Бабушка выглянула из кухни:
— Это тебя нужно спросить, я у тебя в кухне взяла со стола, мне этикетка показалась красивой.
— Это Анна принесла.
— Ладно, на Новый год выпьем. Тебе нужно снотворное?
— Откуда у тебя снотворное, ты же не держишь?
— У меня нет, сейчас придет Александр, принесет.
Александр врач, которому бабушка доверяет всецело, если бы он прописал ежедневно выпивать по ведру пива, Осе Линдберг, несмотря на трезвость, выпивала. Александр лечил мои детские болезни, заставлял пить рыбий жир, причем, не в капсулах, а из чайной ложки, выгонял на пробежку в любую погоду. Ему я обязана хорошим здоровьем и привычкой к бегу.

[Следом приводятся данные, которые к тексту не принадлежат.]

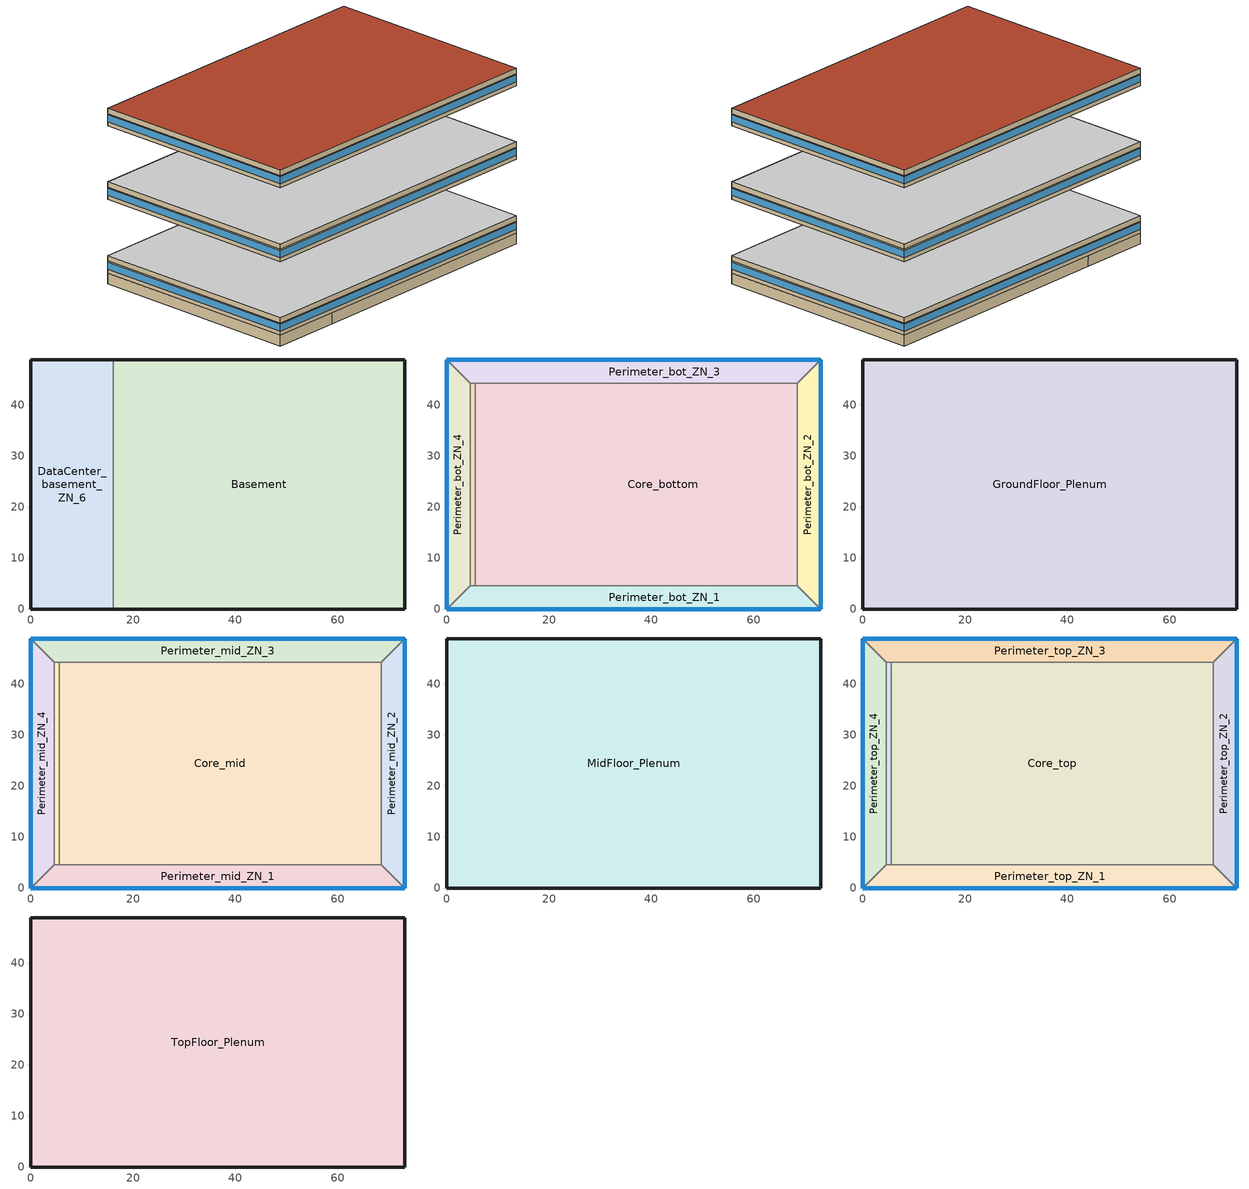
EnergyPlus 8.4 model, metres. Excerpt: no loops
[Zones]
Basement
 floor othersidecoefficients (ext_slab_8in_with_carpet): 73.11,48.74 73.11,0 16.08,0 16.08,48.74 z-2.44
 wall othersidecoefficients (basement_wall): 16.08,0 73.11,0 73.11,48.74 16.08,48.74 z-2.44:0
 wall to DataCenter_basement_ZN_6 (int_wall): 16.08,48.74 16.08,0 z-2.44:0
DataCenter_basement_ZN_6
 floor othersidecoefficients (ext_slab_8in_with_carpet): 16.08,48.74 16.08,0 0,0 0,48.74 z-2.44
 wall othersidecoefficients (basement_wall): 16.08,48.74 0,48.74 0,0 16.08,0 z-2.44:0
Core_bottom
 floor to DataCenter_basement_ZN_6 (int_slab_floor): 16.08,44.16 16.08,4.57 5.49,4.57 5.49,44.16 z0
 floor to Basement (int_slab_floor): 68.53,44.16 68.53,4.57 16.08,4.57 16.08,44.16 z0
 wall to Perimeter_bot_ZN_1 (int_wall): 5.49,4.57 68.53,4.57 z0:2.74
 wall to DataCenter_bot_ZN_6 (int_wall): 5.49,44.16 5.49,4.57 z0:2.74
 wall to Perimeter_bot_ZN_3 (int_wall): 68.53,44.16 5.49,44.16 z0:2.74
 wall to Perimeter_bot_ZN_2 (int_wall): 68.53,4.57 68.53,44.16 z0:2.74
 ceiling to GroundFloor_Plenum (DropCeiling): 5.49,44.16 5.49,4.57 68.53,4.57 68.53,44.16 z2.74
Perimeter_bot_ZN_3
 floor to Basement (int_slab_floor): 73.11,48.74 68.53,44.16 16.08,44.16 16.08,48.74 z0
 floor to DataCenter_basement_ZN_6 (int_slab_floor): 16.08,48.74 16.08,44.16 4.57,44.16 0,48.74 z0
 wall outside (nonres_ext_wall): 73.11,48.74 0,48.74 z0:2.74
 wall to Perimeter_bot_ZN_4 (int_wall): 0,48.74 4.57,44.16 z0:2.74
 wall to Perimeter_bot_ZN_2 (int_wall): 68.53,44.16 73.11,48.74 z0:2.74
 wall to DataCenter_bot_ZN_6 (int_wall): 4.57,44.16 5.49,44.16 z0:2.74
 window (Window_U_0.42_SHGC_0.40): 73.11,48.74 0,48.74 z0.91:2.5
 ceiling to GroundFloor_Plenum (DropCeiling): 0,48.74 4.57,44.16 68.53,44.16 73.11,48.74 z2.74
Perimeter_bot_ZN_2
 floor to Basement (int_slab_floor): 73.11,48.74 73.11,0 68.53,4.57 68.53,44.16 z0
 wall outside (nonres_ext_wall): 73.11,0 73.11,48.74 z0:2.74
 wall to Perimeter_bot_ZN_1 (int_wall): 68.53,4.57 73.11,0 z0:2.74
 window (Window_U_0.42_SHGC_0.40): 73.11,0 73.11,48.74 z0.91:2.5
 ceiling to GroundFloor_Plenum (DropCeiling): 68.53,44.16 68.53,4.57 73.11,0 73.11,48.74 z2.74
Perimeter_bot_ZN_1
 floor to DataCenter_basement_ZN_6 (int_slab_floor): 16.08,4.57 16.08,0 0,0 4.57,4.57 z0
 floor to Basement (int_slab_floor): 68.53,4.57 73.11,0 16.08,0 16.08,4.57 z0
 wall outside (nonres_ext_wall): 0,0 73.11,0 z0:2.74
 wall to DataCenter_bot_ZN_6 (int_wall): 5.49,4.57 4.57,4.57 z0:2.74
 wall to Perimeter_bot_ZN_4 (int_wall): 4.57,4.57 0,0 z0:2.74
 window (Window_U_0.42_SHGC_0.40): 0,0 73.11,0 z0.91:2.5
 ceiling to GroundFloor_Plenum (DropCeiling): 4.57,4.57 0,0 73.11,0 68.53,4.57 z2.74
Perimeter_bot_ZN_4
 floor to DataCenter_basement_ZN_6 (int_slab_floor): 4.57,44.16 4.57,4.57 0,0 0,48.74 z0
 wall outside (nonres_ext_wall): 0,48.74 0,0 z0:2.74
 wall to DataCenter_bot_ZN_6 (int_wall): 4.57,4.57 4.57,44.16 z0:2.74
 window (Window_U_0.42_SHGC_0.40): 0,48.74 0,0 z0.91:2.5
 ceiling to GroundFloor_Plenum (DropCeiling): 0,48.74 0,0 4.57,4.57 4.57,44.16 z2.74
DataCenter_bot_ZN_6
 floor to DataCenter_basement_ZN_6 (int_slab_floor): 5.49,44.16 5.49,4.57 4.57,4.57 4.57,44.16 z0
 ceiling to GroundFloor_Plenum (DropCeiling): 4.57,44.16 4.57,4.57 5.49,4.57 5.49,44.16 z2.74
GroundFloor_Plenum
 wall outside (nonres_ext_wall): 73.11,48.74 0,48.74 0,0 73.11,0 73.11,48.74 z2.74:3.96
 ceiling adiabatic (int_slab_ceiling): 0,48.74 0,0 73.11,0 73.11,48.74 z3.96
Core_mid
 floor adiabatic (int_slab_floor): 68.53,44.16 68.53,4.57 5.49,4.57 5.49,44.16 z16.77
 wall to Perimeter_mid_ZN_1 (int_wall): 5.49,4.57 68.53,4.57 z16.77:19.51
 wall to DataCenter_mid_ZN_6 (int_wall): 5.49,44.16 5.49,4.57 z16.77:19.51
 wall to Perimeter_mid_ZN_3 (int_wall): 68.53,44.16 5.49,44.16 z16.77:19.51
 wall to Perimeter_mid_ZN_2 (int_wall): 68.53,4.57 68.53,44.16 z16.77:19.51
 ceiling to MidFloor_Plenum (DropCeiling): 5.49,44.16 5.49,4.57 68.53,4.57 68.53,44.16 z19.51
Perimeter_mid_ZN_3
 floor adiabatic (int_slab_floor): 73.11,48.74 68.53,44.16 4.57,44.16 0,48.74 z16.77
 wall outside (nonres_ext_wall): 73.11,48.74 0,48.74 z16.77:19.51
 wall to Perimeter_mid_ZN_4 (int_wall): 0,48.74 4.57,44.16 z16.77:19.51
 wall to Perimeter_mid_ZN_2 (int_wall): 68.53,44.16 73.11,48.74 z16.77:19.51
 wall to DataCenter_mid_ZN_6 (int_wall): 4.57,44.16 5.49,44.16 z16.77:19.51
 window (Window_U_0.42_SHGC_0.40): 73.11,48.74 0,48.74 z17.68:19.27
 ceiling to MidFloor_Plenum (DropCeiling): 0,48.74 4.57,44.16 68.53,44.16 73.11,48.74 z19.51
Perimeter_mid_ZN_2
 floor adiabatic (int_slab_floor): 73.11,48.74 73.11,0 68.53,4.57 68.53,44.16 z16.77
 wall outside (nonres_ext_wall): 73.11,0 73.11,48.74 z16.77:19.51
 wall to Perimeter_mid_ZN_1 (int_wall): 68.53,4.57 73.11,0 z16.77:19.51
 window (Window_U_0.42_SHGC_0.40): 73.11,0 73.11,48.74 z17.68:19.27
 ceiling to MidFloor_Plenum (DropCeiling): 68.53,44.16 68.53,4.57 73.11,0 73.11,48.74 z19.51
Perimeter_mid_ZN_1
 floor adiabatic (int_slab_floor): 68.53,4.57 73.11,0 0,0 4.57,4.57 z16.77
 wall outside (nonres_ext_wall): 0,0 73.11,0 z16.77:19.51
 wall to DataCenter_mid_ZN_6 (int_wall): 5.49,4.57 4.57,4.57 z16.77:19.51
 wall to Perimeter_mid_ZN_4 (int_wall): 4.57,4.57 0,0 z16.77:19.51
 window (Window_U_0.42_SHGC_0.40): 0,0 73.11,0 z17.68:19.27
 ceiling to MidFloor_Plenum (DropCeiling): 4.57,4.57 0,0 73.11,0 68.53,4.57 z19.51
Perimeter_mid_ZN_4
 floor adiabatic (int_slab_floor): 4.57,44.16 4.57,4.57 0,0 0,48.74 z16.77
 wall outside (nonres_ext_wall): 0,48.74 0,0 z16.77:19.51
 wall to DataCenter_mid_ZN_6 (int_wall): 4.57,4.57 4.57,44.16 z16.77:19.51
 window (Window_U_0.42_SHGC_0.40): 0,48.74 0,0 z17.68:19.27
 ceiling to MidFloor_Plenum (DropCeiling): 0,48.74 0,0 4.57,4.57 4.57,44.16 z19.51
DataCenter_mid_ZN_6
 floor adiabatic (int_slab_floor): 5.49,44.16 5.49,4.57 4.57,4.57 4.57,44.16 z16.77
 ceiling to MidFloor_Plenum (DropCeiling): 4.57,44.16 4.57,4.57 5.49,4.57 5.49,44.16 z19.51
MidFloor_Plenum
 wall outside (nonres_ext_wall): 73.11,48.74 0,48.74 0,0 73.11,0 73.11,48.74 z19.51:20.73
 ceiling adiabatic (int_slab_ceiling): 0,48.74 0,0 73.11,0 73.11,48.74 z20.73
Core_top
 floor adiabatic (int_slab_floor): 68.53,44.16 68.53,4.57 5.49,4.57 5.49,44.16 z33.54
 wall to Perimeter_bot_ZN_1 (int_wall): 5.49,4.57 68.53,4.57 z33.54:36.28
 wall to Perimeter_top_ZN_4 (int_wall): 5.49,44.16 5.49,4.57 z33.54:36.28
 wall to Perimeter_top_ZN_3 (int_wall): 68.53,44.16 5.49,44.16 z33.54:36.28
 wall to Perimeter_top_ZN_2 (int_wall): 68.53,4.57 68.53,44.16 z33.54:36.28
 ceiling to TopFloor_Plenum (DropCeiling): 5.49,44.16 5.49,4.57 68.53,4.57 68.53,44.16 z36.28
Perimeter_top_ZN_3
 floor adiabatic (int_slab_floor): 73.11,48.74 68.53,44.16 4.57,44.16 0,48.74 z33.54
 wall outside (nonres_ext_wall): 73.11,48.74 0,48.74 z33.54:36.28
 wall to Perimeter_top_ZN_4 (int_wall): 0,48.74 4.57,44.16 z33.54:36.28
 wall to Perimeter_top_ZN_2 (int_wall): 68.53,44.16 73.11,48.74 z33.54:36.28
 wall to DataCenter_top_ZN_6 (int_wall): 4.57,44.16 5.49,44.16 z33.54:36.28
 window (Window_U_0.42_SHGC_0.40): 73.11,48.74 0,48.74 z34.45:36.04
 ceiling to TopFloor_Plenum (DropCeiling): 0,48.74 4.57,44.16 68.53,44.16 73.11,48.74 z36.28
Perimeter_top_ZN_2
 floor adiabatic (int_slab_floor): 73.11,48.74 73.11,0 68.53,4.57 68.53,44.16 z33.54
 wall outside (nonres_ext_wall): 73.11,0 73.11,48.74 z33.54:36.28
 wall to Perimeter_top_ZN_1 (int_wall): 68.53,4.57 73.11,0 z33.54:36.28
 window (Window_U_0.42_SHGC_0.40): 73.11,0 73.11,48.74 z34.45:36.04
 ceiling to TopFloor_Plenum (DropCeiling): 68.53,44.16 68.53,4.57 73.11,0 73.11,48.74 z36.28
Perimeter_top_ZN_1
 floor adiabatic (int_slab_floor): 68.53,4.57 73.11,0 0,0 4.57,4.57 z33.54
 wall outside (nonres_ext_wall): 0,0 73.11,0 z33.54:36.28
 wall to DataCenter_top_ZN_6 (int_wall): 5.49,4.57 4.57,4.57 z33.54:36.28
 wall to Perimeter_top_ZN_4 (int_wall): 4.57,4.57 0,0 z33.54:36.28
 window (Window_U_0.42_SHGC_0.40): 0,0 73.11,0 z34.45:36.04
 ceiling to TopFloor_Plenum (DropCeiling): 4.57,4.57 0,0 73.11,0 68.53,4.57 z36.28
Perimeter_top_ZN_4
 floor adiabatic (int_slab_floor): 4.57,44.16 4.57,4.57 0,0 0,48.74 z33.54
 wall outside (nonres_ext_wall): 0,48.74 0,0 z33.54:36.28
 wall to DataCenter_top_ZN_6 (int_wall): 4.57,4.57 4.57,44.16 z33.54:36.28
 window (Window_U_0.42_SHGC_0.40): 0,48.74 0,0 z34.45:36.04
 ceiling to TopFloor_Plenum (DropCeiling): 0,48.74 0,0 4.57,4.57 4.57,44.16 z36.28
DataCenter_top_ZN_6
 floor adiabatic (int_slab_floor): 5.49,44.16 5.49,4.57 4.57,4.57 4.57,44.16 z33.54
 ceiling to TopFloor_Plenum (DropCeiling): 4.57,44.16 4.57,4.57 5.49,4.57 5.49,44.16 z36.28
TopFloor_Plenum
 wall outside (nonres_ext_wall): 0,0 73.11,0 73.11,48.74 0,48.74 0,0 z36.28:37.5
 roof outside (nonres_roof): 0,48.74 0,0 73.11,0 73.11,48.74 z37.5
[Building]
Large Office: North Axis {deg}=0; Terrain=City; Loads Convergence Tolerance Value=0.04; Temperature Convergence Tolerance Value {deltaC}=0.2; Solar Distribution=FullInteriorAndExterior; Maximum Number of Warmup Days=25; Minimum Number of Warmup Days=6
[Site:Location]
Chicago Ohare Intl Ap_IL_USA Design_Conditions: Latitude {deg}=41.98; Longitude {deg}=-87.92; Time Zone {hr}=-6; Elevation {m}=201
[SizingPeriod:DesignDay] Day of Month=21; Dry-Bulb Temperature Range Modifier Type=DefaultMultipliers; Humidity Condition Type=Wetbulb; Barometric Pressure {Pa}=98934; Rain Indicator=No; Snow Indicator=No; Daylight Saving Time Indicator=No
Name | Month | Day Type | Maximum Dry-Bulb Temperature {C} | Daily Dry-Bulb Temperature Range {deltaC} | Wetbulb or DewPoint at Maximum Dry-Bulb {C} | Wind Speed {m/s} | Wind Direction {deg} | Solar Model Indicator | Sky Clearness | ASHRAE Clear Sky Optical Depth for Beam Irradiance (taub) | ASHRAE Clear Sky Optical Depth for Diffuse Irradiance (taud)
Chicago Ohare Intl Ap Ann Htg 99.6% Condns DB | 1 | WinterDesignDay | -20 | 0 | -20 | 4.9 | 270 | ASHRAEClearSky | 0
Chicago Ohare Intl Ap Ann Clg .4% Condns DB=>MWB | 7 | SummerDesignDay | 33.3 | 10.5 | 23.7 | 5.2 | 230 | ASHRAETau |  | 0.455 | 2.05
[Site:WaterMainsTemperature]
Calculation Method=Correlation; Annual Average Outdoor Air Temperature {C}=9.75; Maximum Difference In Monthly Average Outdoor Air Temperatures {deltaC}=28.14
[Material]
Name | Roughness | Thickness {m} | Conductivity {W/m-K} | Density {kg/m3} | Specific Heat {J/kg-K} | Thermal Absorptance | Solar Absorptance | Visible Absorptance
Std Wood 6inch | MediumSmooth | 0.15 | 0.12 | 540 | 1210 | 0.9 | 0.7 | 0.7
AC02 Acoustic Ceiling | MediumSmooth | 0.0127 | 0.057 | 288 | 1339 | 0.9 | 0.7 | 0.2
F08 Metal surface | Smooth | 0.0008 | 45.28 | 7824 | 500
F13 Built-up roofing | Rough | 0.0095 | 0.16 | 1120 | 1460 | 0.9 | 0.7
G01 13mm gypsum board | Smooth | 0.0127 | 0.16 | 800 | 1090 | 0.9 | 0.7 | 0.5
200mm Normalweight concrete wall; 200mm Normalweight concrete floor | MediumRough | 0.2032 | 2.31 | 2322 | 832
100mm Normalweight concrete floor | MediumRough | 0.1016 | 2.31 | 2322 | 832
M10 200mm concrete block basement wall | MediumRough | 0.2032 | 1.326 | 1842 | 912
[Material:NoMass] Thermal Absorptance=0.9; Solar Absorptance=0.7
Name | Roughness | Thermal Resistance {m2-K/W} | Visible Absorptance
CP02 CARPET PAD | VeryRough | 0.21648 | 0.8
Nonres_Roof_Insulation | MediumSmooth | 5.30668 | 0.7
Nonres_Exterior_Wall_Insulation | MediumSmooth | 1.63975 | 0.7
[WindowMaterial:Glazing] Optical Data Type=SpectralAverage; Thickness {m}=0.006; Infrared Transmittance at Normal Incidence=0; Front Side Infrared Hemispherical Emissivity=0.84; Conductivity {W/m-K}=0.9
Name | Solar Transmittance at Normal Incidence | Front Side Solar Reflectance at Normal Incidence | Back Side Solar Reflectance at Normal Incidence | Visible Transmittance at Normal Incidence | Front Side Visible Reflectance at Normal Incidence | Back Side Visible Reflectance at Normal Incidence | Back Side Infrared Hemispherical Emissivity
CLEAR 6MM | 0.775 | 0.071 | 0.071 | 0.881 | 0.08 | 0.08 | 0.84
LoE TINT 6MM | 0.36 | 0.093 | 0.2 | 0.5 | 0.035 | 0.054 | 0.1
[WindowMaterial:Gas]
AIR 6MM: Gas Type=Air; Thickness {m}=0.0063
[Construction]
InteriorFurnishings: Std Wood 6inch
DropCeiling: AC02 Acoustic Ceiling
int_wall: G01 13mm gypsum board, G01 13mm gypsum board
ext_slab_8in_with_carpet: 200mm Normalweight concrete floor, CP02 CARPET PAD
int_slab_floor: 100mm Normalweight concrete floor, CP02 CARPET PAD
int_slab_ceiling: CP02 CARPET PAD, 100mm Normalweight concrete floor
basement_wall: M10 200mm concrete block basement wall
nonres_roof: F13 Built-up roofing, Nonres_Roof_Insulation, F08 Metal surface
nonres_ext_wall: 200mm Normalweight concrete wall, Nonres_Exterior_Wall_Insulation, G01 13mm gypsum board
Window_U_0.42_SHGC_0.40: LoE TINT 6MM, AIR 6MM, CLEAR 6MM
[Zone]
Basement; Core_bottom; Core_top; Perimeter_bot_ZN_3; Perimeter_bot_ZN_2; Perimeter_bot_ZN_1; Perimeter_bot_ZN_4; Perimeter_top_ZN_3; Perimeter_top_ZN_2; Perimeter_top_ZN_1; Perimeter_top_ZN_4: 0, 0, 0, 1, 1, autocalculate, autocalculate, autocalculate, YES
Core_mid; Perimeter_mid_ZN_3; Perimeter_mid_ZN_2; Perimeter_mid_ZN_1; Perimeter_mid_ZN_4: 0, 0, 0, 1, 10, autocalculate, autocalculate, autocalculate, YES
GroundFloor_Plenum; TopFloor_Plenum: 0, 0, 0, 1, autocalculate, autocalculate, autocalculate, No
MidFloor_Plenum: 0, 0, 0, 10, autocalculate, autocalculate, autocalculate, No
DataCenter_bot_ZN_6: 5.4876, 44.165, 0, 1
DataCenter_mid_ZN_6: 4.5732, 4.5732, 16.7683, 10
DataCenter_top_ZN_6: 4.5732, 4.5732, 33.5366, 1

Александр подтвердил отсутствие переломов и то, что повязку завтра можно будет снять, покачал головой по поводу неудачного падения с лестницы, оставил снотворное, которым я решила не пользоваться…
День прошел спокойно. День без Ларса… Где он?
Вечером бабушка пришла в мою комнату и присела на постель.
— Не звонит?
— Нет.
— Сама попробуй, — она гладит мои волосы совсем как в детстве, когда меня требовалось утешить…
— Пока не буду. Он не из тех, на кого можно вешаться.
— Линн, я не думаю, что он мог что-то с тобой сделать. К чему?
— И я не думаю, ба. Но вот где он?
Ее рука ложится на мою руку:
— Найдется, Линн. Если не найдется, значит, это не твое.
На следующий день ярко светило солнце, легкий морозец прекрасно держал снег, не позволяя тому поплыть противными лужами, за ночь сугробы значительно прибавили в высоте…
Помочь бы бабушке почистить дорожку к дому, но мне нельзя.